13 Jul Brexit and hospitality
there is not enough staff, Brexit and Hospitality
Have you been to the restaurant and been told we do not have availability, yet you can see half restaurant empty?
That is a new norm. It is happening more and more.
Or have you found out that your favourite restaurant now closed earlier and opens later?
Many restaurants now are closed one day per week and may have reduced opening hours.
Why is this?
Why are restaurants forced to reduce their opening hours? Turn away prospective customers with tables available? Well, there is simply not enough staff.
When this issue was raised to the attention of the government, their response was evasive at best. Pointing to the COVID economic policies in place they said that until the furlough scheme comes to an end. It is difficult for them to know exactly if the UK are short of staff or not. They also suspect that when in September, government help comes to an end there will be many people looking for a job.
But what do we do until September?
Maybe. We do not know. But what do we do until September? This summer is an opportunity for businesses to serve the public once again, after an extraordinarily difficult year. Everyone, hospitality as well as the government is losing money until then. And the current hospitality team that is working is very overwhelmed and tired. The less staff we have available the less customers we can serve.

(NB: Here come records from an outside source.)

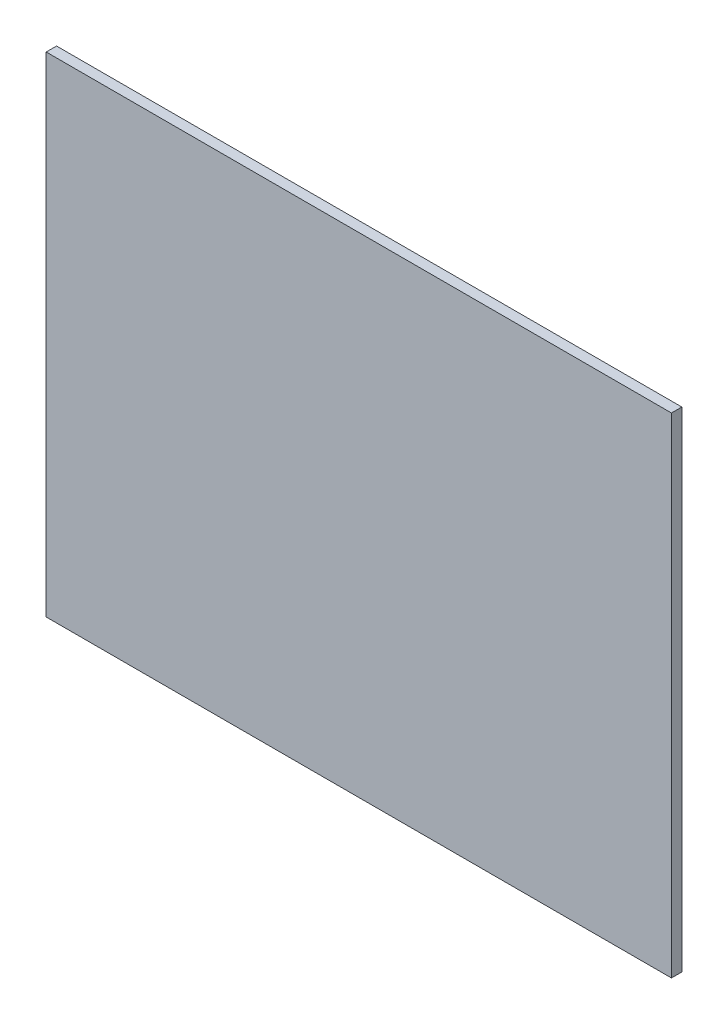
from build123d import *

# Parameters (mm, degrees)
SKETCH1_W           = 1150
SKETCH1_H           = 900
BOSS_EXTRUDE1_DEPTH = 19.05


with BuildPart() as part:
    # Sketch1 → Boss-Extrude1 (new body)
    with BuildSketch(Plane.XY):
        with Locations((575, -450)):
            Rectangle(SKETCH1_W, SKETCH1_H)
    extrude(amount=BOSS_EXTRUDE1_DEPTH)


solid = part.part

But I am not completely sure that we will see a rush of staff looking for a job in September. I believe our qualified hospitality workers have left – as unfortunately COVID hit just in time for Brexit and Hospitality, and they are not coming back.
I believe our qualified hospitality workers have left – as unfortunately COVID hit just in the time for the Brexit, and they are not coming back.

Employee’s did not return to the hospitality industry
They are not coming back as they hear horrible stories from their friends who have tried to come into the UK and they had so many complications and so many of them have been returned. It is not a welcoming image, few would be enticed to return to such a stressful experience.
This feels so wrong. It feels as if we have gone back instead of forward.
We do not need to even talk about the impact on our food bills – it is all gone up. Well, use British products! But guess what, British products have also gone up in price as they need to import materials from Europe to grow the products in the first place! It is a vicious cycle where the hospitality industry is squeezed tighter and tighter.
In today’s world, when Google is at your fingertips, we do not want to go back to the UK in the 1980’s, when we had tomatoes that tasted as plastic, and we did not have any European products.
British people travel a lot and we all like to experience at home some of the pleasures that we had on our holidays. Yet the capacity to offer this moment of foreign flavours is being curtailed.
I am really not sure where we are heading, I hope there is a light at the end of this long tunnel. The problem is that we cannot see it at the moment.